In 2021, $158.5 billion was raised across 1,336 deals. Last year, $170.8 billion was raised, albeit with fewer deals (892).

“Activity has fallen rather consistently over the past year as the market further condenses from the expansion of 2021,” PitchBook VC analyst Vincent Harrison told MarketWatch. “People are approaching venture with a more cautionary lens.”

Max Navas, another PitchBook analyst who worked on the report, added: “The sluggish pace of fundraising for emerging and first-time fund managers could be a precursor to formidable fundraising experiences through the end of the year.”

Market researcher CB Insights projects venture outfits worldwide will report investments of about $65 billion across 6,000 deals in the first three months of the year. That would mark a significant decline from the previous quarter and the lowest quarterly funding amount since 2020, according to the research firm’s prior reports. CB Insights is scheduled to share its first-quarter data next week.

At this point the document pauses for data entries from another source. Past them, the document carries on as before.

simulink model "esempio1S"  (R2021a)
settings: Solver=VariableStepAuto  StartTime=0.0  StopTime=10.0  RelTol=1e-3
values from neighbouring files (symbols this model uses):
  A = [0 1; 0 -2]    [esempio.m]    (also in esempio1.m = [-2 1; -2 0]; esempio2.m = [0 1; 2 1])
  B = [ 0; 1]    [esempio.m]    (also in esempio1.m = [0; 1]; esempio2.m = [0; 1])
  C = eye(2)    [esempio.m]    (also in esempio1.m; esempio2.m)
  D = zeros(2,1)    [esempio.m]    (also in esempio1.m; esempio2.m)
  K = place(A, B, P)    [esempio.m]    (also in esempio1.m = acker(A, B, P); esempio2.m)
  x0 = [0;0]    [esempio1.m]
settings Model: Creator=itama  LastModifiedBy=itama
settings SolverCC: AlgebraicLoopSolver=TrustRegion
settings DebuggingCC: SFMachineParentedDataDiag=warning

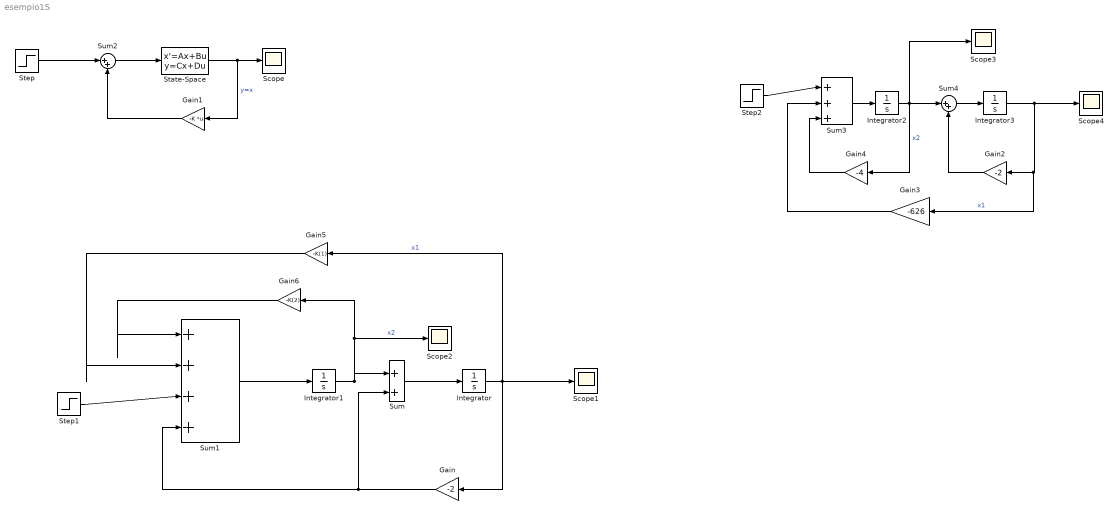
== system esempio1S ==
  Gain : Gain  Gain=-2
  Gain1 : Gain  Gain=-K  Multiplication=Matrix(K*u)
  Gain2 : Gain  Gain=-2
  Gain3 : Gain  Gain=-626
  Gain4 : Gain  Gain=-4
  Gain5 : Gain  Gain=-K(1)
  Gain6 : Gain  Gain=-K(2)
  Integrator{,1..3} (4 alike) : Integrator
  Scope{,1..4} (5 alike) : Scope
  State-Space : StateSpace  A=A  B=B  C=C  D=D  InitialCondition=x0
  Step : Step  SampleTime=0
  Step1 : Step  SampleTime=0
  Step2 : Step  SampleTime=0
  Sum : Sum  Inputs=|++
  Sum1 : Sum  Inputs=|++++
  Sum2 : Sum  Inputs=|++
  Sum3 : Sum  Inputs=|+++
  Sum4 : Sum  Inputs=|++
  wires:
  State-Space/1 -> Gain1/1, Scope/1  "y=x"
  Integrator/1 -> Gain5/1, Gain/1, Scope1/1  "x1"
  Integrator1/1 -> Sum/1, Gain6/1, Scope2/1  "x2"
  Gain/1 -> Sum1/4, Sum/2
  Sum/1 -> Integrator/1
  Sum1/1 -> Integrator1/1
  Gain1/1 -> Sum2/2
  Integrator3/1 -> Gain3/1, Gain2/1, Scope4/1  "x1"
  Sum3/1 -> Integrator2/1
  Step2/1 -> Sum3/1
  Gain2/1 -> Sum4/2
  Integrator2/1 -> Gain4/1, Scope3/1, Sum4/1  "x2"
  Gain3/1 -> Sum3/2
  Gain4/1 -> Sum3/3
  Sum4/1 -> Integrator3/1
  Sum2/1 -> State-Space/1
  Step/1 -> Sum2/1
  Step1/1 -> Sum1/3
  Gain5/1 -> Sum1/2
  Gain6/1 -> Sum1/1

Read more: The rise of ‘zombie VCs’ — Dark times expected after Silicon Valley’s startup ecosystem lost its favorite bank

Silicon Valley Bank’s collapse in March was not immediately visible in the data, but it was “another unneeded pressure on the market” and could “exacerbate the capital availability problem,” Harrison said. “Liquidity is becoming even more paramount.”

Logan Allin, managing partner and founder of Fin Capital, views 2023 as an “acutely painful year for private and public market tech companies that has been exacerbated by the SVB fallout.” This, he told MarketWatch, will have long-term “knock-on effects” to supporting companies and VCs in terms of access to capital and venture debt.

A balky economy and dearth of IPOs in the quarter (20) already had the VC market reeling. Just $5.8 billion in exit value was closed in the first quarter — less than 1% of the total exit value generated in the record year of 2021.

Capital commitments continued to concentrate in larger-size vehicles, but just two funds closed on $1 billion or more during the first quarter, compared with 36 in 2022, PitchBook said.